La parte dei re dei re, che forse ti ha fatto cadere maggiormente in confusione è in questo voluta come ulteriore commistione di genere... pensavo a una sorta di scorcio fantasy, non ti dico al "Signore degli Anelli" ma quasi... per farti capire... quando poi tu parli di magia o del ciclo di Artù, sono elementi voluti in questa commistione di generi... sì, pensavo proprio a una sorta di magia che magari storicamente non era credo dell'epoca o tantomeno di Napoleone (non ho controllato)... ma volevo cercar di creare una sorta di realtà storica alternativa, non solo per l'inventata vicenda amorosa, ma proprio dove fosse possibile avere una conoscenza culturale storica magari diversa, in questo senso proprio quella che hai percepito tu: come se per il Napoleone (definiamolo di questa realtà) la magia fosse un argomento più normale di quanto non lo era storicamente.
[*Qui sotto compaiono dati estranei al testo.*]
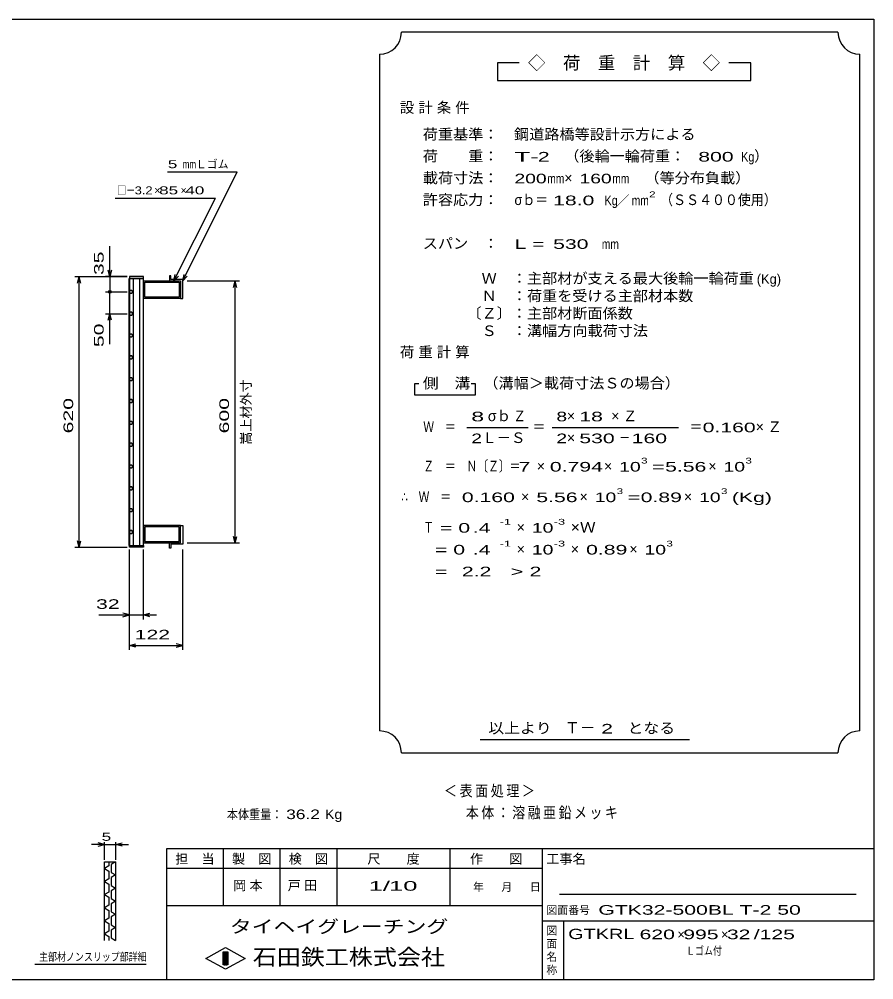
# Model space of a CAD drawing. Units: millimetres, scale not verified. Extents: x -1820 to 1731, y -1282 to 1054.
# Drawn here: x -227 to 1731, y -1146 to 1054 of the extents above; entities that cross this region are included whole.
import ezdxf
from ezdxf.enums import TextEntityAlignment as Align

# ---------------------------------------------------------------- set-up
doc = ezdxf.new("R2010")
doc.units = ezdxf.units.MM
doc.header["$LTSCALE"] = 10
for name, color, linetype, lineweight in [('0_2', 150, 'Continuous', 25), ('16', 3, 'Continuous', 25), ('22', 4, 'Continuous', 25), ('24', 2, 'Continuous', 25), ('32', 4, 'Continuous', 25)]:
    doc.layers.add(name, color=color, linetype=linetype, lineweight=lineweight)
doc.styles.add('ベクトル', font='')
doc.styles.get('ベクトル').set_extended_font_data('ベクトル')

msp = doc.modelspace()

# ---------------------------------------------------------------- linework, layer by layer
at = {"layer": '0_2'}
for p, q in [((-1729, 1053.5), (1731, 1053.5)), ((1731, 1053.5), (1731, -1146.5)), ((1731, -846.5), (111, -846.5)), ((111, -846.5), (111, -1146.5)), ((241, -846.5), (241, -976.5)), ((371, -976.5), (371, -846.5)), ((501, -846.5), (501, -976.5)), ((761, -976.5), (761, -846.5)), ((971, -846.5), (971, -1146.5)), ((971, -891.5), (111, -891.5)), ((1691, -951.5), (1011, -951.5)), ((111, -976.5), (971, -976.5)), ((971, -1011.5), (1731, -1011.5)), ((1021, -1146.5), (1021, -1011.5)), ((201, -1097.5), (246, -1072.5)), ((246, -1072.5), (291, -1097.5)), ((246, -1122.5), (201, -1097.5)), ((241, -1082.5), (251, -1082.5)), ((241, -1112.5), (241, -1082.5)), ((241, -1082.5), (243, -1082.5)), ((243, -1082.5), (243, -1112.5)), ((245, -1112.5), (245, -1082.5)), ((245, -1082.5), (247, -1082.5)), ((291, -1097.5), (246, -1122.5)), ((247, -1082.5), (247, -1112.5)), ((249, -1112.5), (249, -1082.5)), ((249, -1082.5), (251, -1082.5)), ((251, -1082.5), (251, -1112.5)), ((251, -1082.5), (251, -1112.5)), ((251, -1112.5), (241, -1112.5)), ((243, -1112.5), (245, -1112.5)), ((247, -1112.5), (249, -1112.5)), ((1731, -1146.5), (-1729, -1146.5))]:
    msp.add_line(p, q, dxfattribs=at)
at = {"layer": '16'}
for p, q in [((58, 464), (26, 464)), ((26, 464), (26, 459.5)), ((58, 459.5), (58, 464)), ((121, 466), (118, 466)), ((118, 466), (118, 454)), ((121, 457), (121, 466)), ((25.3, -151.5), (25.3, 459.5)), ((25.3, 459.5), (26, 459.5)), ((26, 459.5), (58, 459.5)), ((26, 459.5), (26, -151.5)), ((58, 459.5), (26, 459.5)), ((34.5, 459.5), (34.5, -151.5)), ((49.5, -151.5), (49.5, 459.5)), ((58, -151.5), (58, 459.5)), ((58, 454), (143, 454)), ((58, 414), (58, 454)), ((61, 451), (140, 451)), ((61, 417), (61, 451)), ((118, 454), (143, 454)), ((148, 457), (121, 457)), ((140, 451), (140, 417)), ((143, 454), (143, 414)), ((143, 454), (143, 414)), ((148, 414), (148, 457)), ((27.85, 432.24), (26, 428.98)), ((26, 428.98), (27.9, 425.74)), ((31.6, 432.26), (27.85, 432.24)), ((27.9, 425.74), (31.65, 425.76)), ((33.5, 429), (31.6, 432.26)), ((31.65, 425.76), (33.5, 429.02)), ((143, 414), (58, 414)), ((140, 417), (61, 417)), ((143, 414), (148, 414)), ((27.85, 382.24), (26, 378.98)), ((26, 378.98), (27.9, 375.74)), ((31.6, 382.26), (27.85, 382.24)), ((27.9, 375.74), (31.65, 375.76)), ((33.5, 379), (31.6, 382.26)), ((31.65, 375.76), (33.5, 379.02)), ((27.85, 332.24), (26, 328.98)), ((31.6, 332.26), (27.85, 332.24)), ((33.5, 329), (31.6, 332.26)), ((26, 328.98), (27.9, 325.74)), ((27.9, 325.74), (31.65, 325.76)), ((31.65, 325.76), (33.5, 329.02)), ((27.85, 282.24), (26, 278.98)), ((26, 278.98), (27.9, 275.74)), ((31.6, 282.26), (27.85, 282.24)), ((27.9, 275.74), (31.65, 275.76)), ((33.5, 279), (31.6, 282.26)), ((31.65, 275.76), (33.5, 279.02)), ((27.85, 232.24), (26, 228.98)), ((26, 228.98), (27.9, 225.74)), ((31.6, 232.26), (27.85, 232.24)), ((27.9, 225.74), (31.65, 225.76)), ((33.5, 229), (31.6, 232.26)), ((31.65, 225.76), (33.5, 229.02)), ((27.85, 182.24), (26, 178.98)), ((26, 178.98), (27.9, 175.74)), ((31.6, 182.26), (27.85, 182.24)), ((33.5, 179), (31.6, 182.26)), ((31.65, 175.76), (33.5, 179.02)), ((27.9, 175.74), (31.65, 175.76)), ((27.85, 132.24), (26, 128.98)), ((31.6, 132.26), (27.85, 132.24)), ((33.5, 129), (31.6, 132.26)), ((26, 128.98), (27.9, 125.74)), ((27.9, 125.74), (31.65, 125.76)), ((31.65, 125.76), (33.5, 129.02)), ((27.85, 82.24), (26, 78.98)), ((26, 78.98), (27.9, 75.74)), ((31.6, 82.26), (27.85, 82.24)), ((27.9, 75.74), (31.65, 75.76)), ((33.5, 79), (31.6, 82.26)), ((31.65, 75.76), (33.5, 79.02)), ((27.85, 32.24), (26, 28.98)), ((26, 28.98), (27.9, 25.74)), ((31.6, 32.26), (27.85, 32.24)), ((27.9, 25.74), (31.65, 25.76)), ((33.5, 29), (31.6, 32.26)), ((31.65, 25.76), (33.5, 29.02)), ((27.85, -17.76), (26, -21.02)), ((26, -21.02), (27.9, -24.26)), ((31.6, -17.74), (27.85, -17.76)), ((33.5, -21), (31.6, -17.74)), ((31.65, -24.24), (33.5, -20.98)), ((27.9, -24.26), (31.65, -24.24)), ((27.85, -67.76), (26, -71.02)), ((26, -71.02), (27.9, -74.26)), ((31.6, -67.74), (27.85, -67.76)), ((27.9, -74.26), (31.65, -74.24)), ((33.5, -71), (31.6, -67.74)), ((31.65, -74.24), (33.5, -70.98)), ((143, -106), (58, -106)), ((58, -106), (58, -146)), ((140, -109), (61, -109)), ((61, -109), (61, -143)), ((140, -143), (140, -109)), ((143, -146), (143, -106)), ((143, -106), (148, -106)), ((143, -146), (143, -106)), ((148, -106), (148, -149)), ((27.85, -117.76), (26, -121.02)), ((26, -121.02), (27.9, -124.26)), ((31.6, -117.74), (27.85, -117.76)), ((27.9, -124.26), (31.65, -124.24)), ((33.5, -121), (31.6, -117.74)), ((31.65, -124.24), (33.5, -120.98)), ((26, -151.5), (25.3, -151.5)), ((26, -151.5), (58, -151.5)), ((26, -156), (26, -151.5)), ((26, -151.5), (58, -151.5)), ((58, -146), (143, -146)), ((58, -151.5), (58, -156)), ((61, -143), (140, -143)), ((118, -158), (118, -146)), ((118, -146), (143, -146)), ((148, -149), (121, -149)), ((121, -149), (121, -158)), ((58, -156), (26, -156)), ((121, -158), (118, -158))]:
    msp.add_line(p, q, dxfattribs=at)
at = {"layer": '22'}
for p, q in [((113, 704), (273, 704)), ((148, 454), (273, 704)), ((-7, 644), (223, 644)), ((128, 454), (223, 644)), ((-19, 464), (-19, 534)), ((-99, 464), (21, 464)), ((-93, 449), (-89, 464)), ((-85, 449), (-89, 464)), ((-89, -156), (-89, 464)), ((21, 464), (-29, 464)), ((-19, 464), (-23, 479)), ((-15, 479), (-19, 464)), ((-19, 464), (-19, 429)), ((128, 454), (131, 468.6)), ((128, 454), (138, 465)), ((148, 454), (151, 468.6)), ((148, 454), (158, 465)), ((158, 454), (278, 454)), ((264, 439), (268, 454)), ((272, 439), (268, 454)), ((268, -146), (268, 454)), ((-29, 429), (21, 429)), ((-19, 379), (-19, 429)), ((-29, 379), (21, 379)), ((-23, 364), (-19, 379)), ((-15, 364), (-19, 379)), ((-19, 309), (-19, 379)), ((268, -146), (264, -131)), ((268, -146), (272, -131)), ((-89, -156), (-93, -141)), ((-89, -156), (-85, -141)), ((158, -146), (278, -146)), ((-99, -156), (21, -156)), ((26, -321), (26, -161)), ((26, -391), (26, -161)), ((58, -321), (58, -161)), ((148, -391), (148, -161)), ((26, -311), (11, -307)), ((58, -311), (73, -307)), ((-44, -311), (26, -311)), ((11, -315), (26, -311)), ((26, -311), (58, -311)), ((73, -315), (58, -311)), ((58, -311), (88, -311)), ((26, -381), (41, -377)), ((41, -385), (26, -381)), ((26, -381), (148, -381)), ((148, -381), (133, -377)), ((133, -385), (148, -381))]:
    msp.add_line(p, q, dxfattribs=at)
msp.add_circle((-19, 429), 3, dxfattribs=at)
at = {"layer": '24', "color": 4}
for p, q in [((1649, 1023.5), (649, 1023.5)), ((599, 973.5), (599, -576.5)), ((1699, -576.5), (1699, 973.5)), ((919, 953.5), (869, 953.5)), ((869, 953.5), (869, 913.5)), ((1449, 953.5), (1399, 953.5)), ((1449, 913.5), (1449, 953.5)), ((869, 913.5), (1449, 913.5)), ((689, 218.5), (679, 218.5)), ((679, 218.5), (679, 193.5)), ((819, 218.5), (809, 218.5)), ((819, 193.5), (819, 218.5)), ((679, 193.5), (819, 193.5)), ((799, 118.5), (939, 118.5)), ((994, 118.5), (1284, 118.5)), ((829, -596.5), (1309, -596.5)), ((649, -626.5), (1649, -626.5))]:
    msp.add_line(p, q, dxfattribs=at)
for centre, start, end in [((599, 1023.5), 270, 0), ((1699, 1023.5), 180, 270), ((599, -626.5), 0, 90), ((1699, -626.5), 90, 180)]:
    msp.add_arc(centre, 50, start, end, dxfattribs=at)
at = {"layer": '32'}
for p, q in [((-31, -836.5), (-46, -832.5)), ((-31, -871.5), (-31, -831.5)), ((-6, -831.5), (-6, -871.5)), ((-6, -836.5), (9, -832.5)), ((-31, -836.5), (-61, -836.5)), ((-46, -840.5), (-31, -836.5)), ((-31, -836.5), (-6, -836.5)), ((9, -840.5), (-6, -836.5)), ((-6, -836.5), (24, -836.5)), ((-31, -876.5), (-6, -876.5)), ((-31, -1056.5), (-31, -876.5)), ((-21, -876.5), (-21, -885.5)), ((-6, -876.5), (-16, -882.5)), ((-6, -876.5), (-6, -1056.5)), ((-21, -885.5), (-31, -891.5)), ((-31, -891.5), (-21, -897.5)), ((-21, -897.5), (-21, -915.5)), ((-16, -882.5), (-16, -900.5)), ((-16, -900.5), (-6, -906.5)), ((-21, -915.5), (-31, -921.5)), ((-31, -921.5), (-21, -927.5)), ((-6, -906.5), (-16, -912.5)), ((-16, -912.5), (-16, -930.5)), ((-21, -945.5), (-31, -951.5)), ((-21, -927.5), (-21, -945.5)), ((-16, -930.5), (-6, -936.5)), ((-6, -936.5), (-16, -942.5)), ((-16, -942.5), (-16, -960.5)), ((-31, -951.5), (-21, -957.5)), ((-21, -957.5), (-21, -975.5)), ((-16, -960.5), (-6, -966.5)), ((-6, -966.5), (-16, -972.5)), ((-21, -975.5), (-31, -981.5)), ((-31, -981.5), (-21, -987.5)), ((-21, -987.5), (-21, -1005.5)), ((-16, -972.5), (-16, -990.5)), ((-21, -1005.5), (-31, -1011.5)), ((-31, -1011.5), (-21, -1017.5)), ((-16, -990.5), (-6, -996.5)), ((-6, -996.5), (-16, -1002.5)), ((-16, -1002.5), (-16, -1020.5)), ((-21, -1017.5), (-21, -1035.5)), ((-16, -1020.5), (-6, -1026.5)), ((-6, -1026.5), (-16, -1032.5)), ((-16, -1032.5), (-16, -1050.5)), ((-21, -1035.5), (-31, -1041.5)), ((-31, -1041.5), (-21, -1047.5)), ((-21, -1047.5), (-21, -1056.5)), ((-16, -1050.5), (-6, -1056.5)), ((64, -1111.5), (-191, -1111.5))]:
    msp.add_line(p, q, dxfattribs=at)

# ---------------------------------------------------------------- texts
at = {"layer": '0_2', "style": 'ベクトル'}
for s, height, p in [('担\u3000当', 21.99, (131, -869.5)), ('製\u3000図', 21.99, (261, -869.5)), ('検\u3000図', 21.99, (391, -869.5)), ('尺\u3000\u3000度', 21.99, (571, -869.5)), ('作\u3000\u3000図', 21.99, (806, -869.5)), ('工事名', 21.99, (981, -869.5)), ('年', 18.33, (813, -934)), ('月', 18.33, (878, -934)), ('日', 18.33, (943, -934)), ('図面番号', 18.33, (981, -987)), ('図', 18.33, (981, -1034)), ('面', 18.33, (981, -1064)), ('名', 18.33, (981, -1094)), ('称', 18.33, (981, -1124))]:
    msp.add_text(s, height=height, dxfattribs=at).set_placement(p, align=Align.MIDDLE_LEFT)
at = {"layer": '0_2', "color": 222, "style": 'ベクトル'}
for s, height, width, p in [('タイヘイグレーチング', 29.33, 1.25, (256, -1024.5)), ('石田鉄工株式会社', 36.66, 1.1, (308.5, -1094.5))]:
    msp.add_text(s, height=height, dxfattribs=dict(at, width=width)).set_placement(p, align=Align.MIDDLE_LEFT)
at = {"layer": '22', "color": 2, "style": 'ベクトル'}
for s, height, width, p in [(' 5 ', 18.33, 1.6, (103, 721.5)), ('mm', 18.33, 0.75, (148, 721.5)), ('□－', 18.33, 0.8, (-2, 661.5)), ('3.2', 18.33, 1.2, (38, 661.5)), (' 85 ', 18.33, 1.6, (83, 661.5)), (' 40 ', 18.33, 1.6, (143, 661.5)), (' 32 ', 21.99, 1.65, (-64, -286)), (' 122 ', 21.99, 1.65, (24.5, -356)), ('本体重量：', 21.99, 0.85, (249, -767.5)), (' 36.2', 21.99, 1.35, (374, -767.5)), ('Kg', 21.99, 1.1, (474, -767.5)), ('1/', 21.99, 2, (574, -931.5)), (' 10 ', 21.99, 2, (604, -931.5)), ('GTK32-500BL T-2 50           ', 21.99, 1.65, (1100, -986.5)), ('GTKRL', 23.46, 1.45, (1031, -1041.5)), (' 620 ', 21.99, 1.65, (1181, -1042.5)), (' 995 ', 21.99, 1.65, (1281, -1042.5)), (' 32 ', 21.99, 1.65, (1381, -1042.5)), ('/', 21.99, 1.65, (1456, -1042.5)), (' 125 ', 21.99, 1.65, (1456, -1042.5)), ('Ｌゴム付', 18.33, 0.8, (1301, -1080))]:
    msp.add_text(s, height=height, dxfattribs=dict(at, width=width)).set_placement(p, align=Align.MIDDLE_LEFT)
for s, height, p in [('Ｌゴム', 18.33, (178, 721.5)), ('×', 18.33, (83, 661.5)), ('×', 18.33, (143, 661.5)), ('×', 21.99, (1281, -1042.5)), ('×', 21.99, (1381, -1042.5))]:
    msp.add_text(s, height=height, dxfattribs=at).set_placement(p, align=Align.MIDDLE_LEFT)
at = {"layer": '22', "color": 2, "style": 'ベクトル', "width": 1.65}
for s, p in [(' 35 ', (-44, 454)), (' 50 ', (-44, 289)), (' 620 ', (-114, 91.5)), (' 600', (243, 91.5))]:
    msp.add_text(s, height=21.99, rotation=90, dxfattribs=at).set_placement(p, align=Align.MIDDLE_LEFT)
at = {"layer": '22', "color": 2, "style": 'ベクトル'}
msp.add_text('嵩上材外寸', height=21.99, rotation=90, dxfattribs=at).set_placement((293, 79), align=Align.MIDDLE_LEFT)
at = {"layer": '22', "color": 2, "attachment_point": 4, "style": 'ベクトル'}
for s, insert, char_height in [('\\T1.2;\\W0.85;＜表面処理＞', (746.5, -715), 25.66), ('\\T1.19;\\W0.85;本体：溶融亜鉛メッキ', (796.5, -765), 25.66), ('\\T1.25;岡本\u3000', (263.5, -931.5), 21.99), ('\\T1.25;戸田\u3000', (388.5, -931.5), 21.99)]:
    msp.add_mtext(s, dxfattribs=dict(at, insert=insert, char_height=char_height))
at = {"layer": '24', "style": 'ベクトル'}
for s, height, p in [('◇\u3000荷\u3000重\u3000計\u3000算\u3000◇', 29.33, (939, 953.5)), ('）', 24.19, (1457, 740)), ('×', 24.19, (1022, 690)), ('／', 21.99, (1141.5, 638.5)), ('(Kg)', 21.99, (1463, 458.5)), ('σｂ', 24.19, (847, 145)), ('×', 24.19, (1028, 145)), ('Ｌ－Ｓ', 24.19, (834, 95)), ('×', 24.19, (1028, 95)), ('×', 24.19, (959, 30)), ('×', 24.19, (1113, 30)), ('×', 24.19, (1352, 30)), ('×', 24.19, (923, -40)), ('×', 24.19, (1057, -40)), ('×', 24.19, (1296, -40)), ('×', 24.19, (913, -110)), ('×', 24.19, (913, -160)), ('×', 24.19, (1037, -160)), ('×', 24.19, (1171, -160)), ('Ｔ－', 25.66, (1023, -569))]:
    msp.add_text(s, height=height, dxfattribs=at).set_placement(p, align=Align.MIDDLE_LEFT)
for s, height, width, p in [('荷重基準：\u3000', 24.19, 1.05, (698, 790)), ('鋼道路橋等設計示方による', 24.19, 1.05, (907, 790)), ('荷\u3000\u3000重：\u3000', 24.19, 1.05, (698, 740)), ('T-', 21.99, 2, (908, 738.5)), (' 2 ', 21.99, 1.65, (948, 738.5)), ('（後輪一輪荷重：', 24.19, 1.05, (1022, 740)), ('  800', 21.99, 1.65, (1302, 738.5)), ('Kg', 21.99, 0.85, (1427, 738.5)), ('載荷寸法：\u3000', 24.19, 1.05, (698, 690)), ('\u3000（等分布負載）', 24.19, 1.05, (1171, 690)), ('200', 21.99, 1.5, (908, 688.5)), ('mm', 21.99, 0.8, (983, 688.5)), ('160', 21.99, 1.5, (1057, 688.5)), ('mm', 21.99, 0.8, (1132, 688.5)), ('許容応力：\u3000', 24.19, 1.05, (698, 640)), ('σｂ＝', 24.19, 0.9, (908, 640)), (' 18.0', 21.99, 1.65, (983, 638.5)), ('Kg', 21.99, 0.85, (1114, 638.5)), ('mm', 21.99, 0.8, (1176.5, 638.5)), ('2', 13.2, 1.5, (1216.5, 652.5)), ('（ＳＳ４００使用）', 24.19, 0.9, (1241.5, 640)), ('スパン\u3000：\u3000', 24.19, 1.05, (698, 540)), ('L =', 21.99, 1.65, (908, 538.5)), (' 530 ', 21.99, 1.65, (983, 538.5)), ('mm', 21.99, 0.8, (1108, 538.5)), ('\u3000Ｗ\u3000：主部材が支える最大後輪一輪荷重', 24.19, 1.05, (798, 460)), ('\u3000Ｎ\u3000：荷重を受ける主部材本数', 24.19, 1.05, (798, 420)), ('〔Ｚ〕：主部材断面係数', 24.19, 1.05, (798, 380)), ('\u3000Ｓ\u3000：溝幅方向載荷寸法', 24.19, 1.05, (798, 340)), ('側\u3000溝', 24.19, 1.1, (698, 220)), ('\u3000（溝幅＞載荷寸法Ｓの場合）', 24.19, 1.05, (802, 220)), ('8', 21.99, 1.8, (809, 143.5)), ('Ｚ', 24.19, 0.9, (905, 145)), ('8', 21.99, 1.5, (1004, 143.5)), (' 18 ', 21.99, 1.65, (1043, 143.5)), ('Ｗ\u3000＝', 24.19, 0.75, (699, 120)), ('＝', 24.19, 0.9, (949, 120)), ('＝', 24.19, 0.9, (1309, 120)), ('0.160', 21.99, 1.65, (1339, 118.5)), ('2', 21.99, 1.5, (809, 93.5)), ('2', 21.99, 1.5, (1004, 93.5)), (' 530 ', 21.99, 1.65, (1043, 93.5)), ('－', 24.19, 0.75, (1148, 95)), (' 160 ', 21.99, 1.65, (1163, 93.5)), ('Ｚ\u3000＝\u3000Ｎ〔Ｚ〕＝', 24.19, 0.75, (699, 30)), ('3', 13.2, 1.5, (1198, 42.5)), ('3', 13.2, 1.5, (1437, 42.5)), (' 7 ', 21.99, 1.65, (904, 28.5)), ('0.794', 21.99, 1.65, (989, 28.5)), ('10', 21.99, 1.5, (1148, 28.5)), ('=', 21.99, 1.7, (1223, 28.5)), ('5.56', 21.99, 1.65, (1253, 28.5)), ('10', 21.99, 1.5, (1387, 28.5)), ('3', 13.2, 1.5, (1142, -27.5)), ('3', 13.2, 1.5, (1381, -27.5)), ('∴\u3000Ｗ\u3000＝', 24.19, 0.75, (649, -40)), (' 0.160', 21.99, 1.65, (774, -41.5)), ('5.56', 21.99, 1.65, (958, -41.5)), ('10', 21.99, 1.5, (1092, -41.5)), ('=', 21.99, 1.7, (1167, -41.5)), ('0.89', 21.99, 1.65, (1197, -41.5)), ('10', 21.99, 1.5, (1331, -41.5)), ('(Kg)', 21.99, 1.65, (1406, -41.5)), ('Ｔ', 24.19, 0.75, (699, -110)), (' = 0', 21.99, 1.65, (724, -111.5)), (' .4 ', 21.99, 1.65, (799, -111.5)), ('-1', 13.2, 1.65, (874, -97.5)), ('10', 21.99, 1.5, (948, -111.5)), ('-3', 13.2, 1.65, (998, -97.5)), ('×Ｗ', 24.19, 1.1, (1037, -110)), ('  = 0', 21.99, 1.65, (699, -161.5)), (' .4 ', 21.99, 1.65, (799, -161.5)), ('-1', 13.2, 1.65, (874, -147.5)), ('10', 21.99, 1.5, (948, -161.5)), ('-3', 13.2, 1.65, (998, -147.5)), ('0.89', 21.99, 1.65, (1072, -161.5)), ('10', 21.99, 1.5, (1206, -161.5)), ('3', 13.2, 1.5, (1256, -147.5)), ('  =', 21.99, 1.65, (699, -211.5)), (' 2.2', 21.99, 1.65, (774, -211.5)), ('>', 21.99, 1.7, (899, -211.5)), (' 2 ', 21.99, 1.65, (929, -211.5)), ('以上より\u3000', 24.19, 1.1, (848, -570)), (' 2 ', 21.99, 1.65, (1093, -571.5)), ('となる', 24.19, 1.1, (1167, -570))]:
    msp.add_text(s, height=height, dxfattribs=dict(at, width=width)).set_placement(p, align=Align.MIDDLE_LEFT)
at = {"layer": '24', "char_height": 24.19, "attachment_point": 4, "style": 'ベクトル'}
for s, insert in [('\\T1.28;設計条件', (645.5, 850)), ('\\T1.28;荷重計算', (645.5, 290)), ('\\T1.42;×Ｚ', (1129.5, 145)), ('\\T1.42;×Ｚ', (1460.5, 120))]:
    msp.add_mtext(s, dxfattribs=dict(at, insert=insert))
at = {"layer": '32', "color": 2, "style": 'ベクトル'}
for s, width, p in [(' 5 ', 1.6, (-48.5, -819)), ('主部材ノンスリップ部詳細', 0.8, (-181, -1094))]:
    msp.add_text(s, height=18.33, dxfattribs=dict(at, width=width)).set_placement(p, align=Align.MIDDLE_LEFT)

doc.saveas('drawing.dxf')

Non riesco neanche a spiegarmi troppo bene... la pecca che invece io riscontro è forse proprio questa: avere inserito troppi elementi senza puntare specificamente su nessuno, che quindi può o potrebbe essere diverse cose... certo, come ti dicevo, a Carlo Magno non avevo proprio pensato... ma è sempre bello, spero, viaggiare sui racconti anche in maniera diversa da quello che intende l'autore...

 

In quanto al senso finale del tuo commento, alla fine era esattamente quello che volevo dire, quello che comunque è per me il senso del racconto... tutto il resto è una scusa per parlarne.

 

Grazie ancora e al solito per tutto... a presto, carissimo!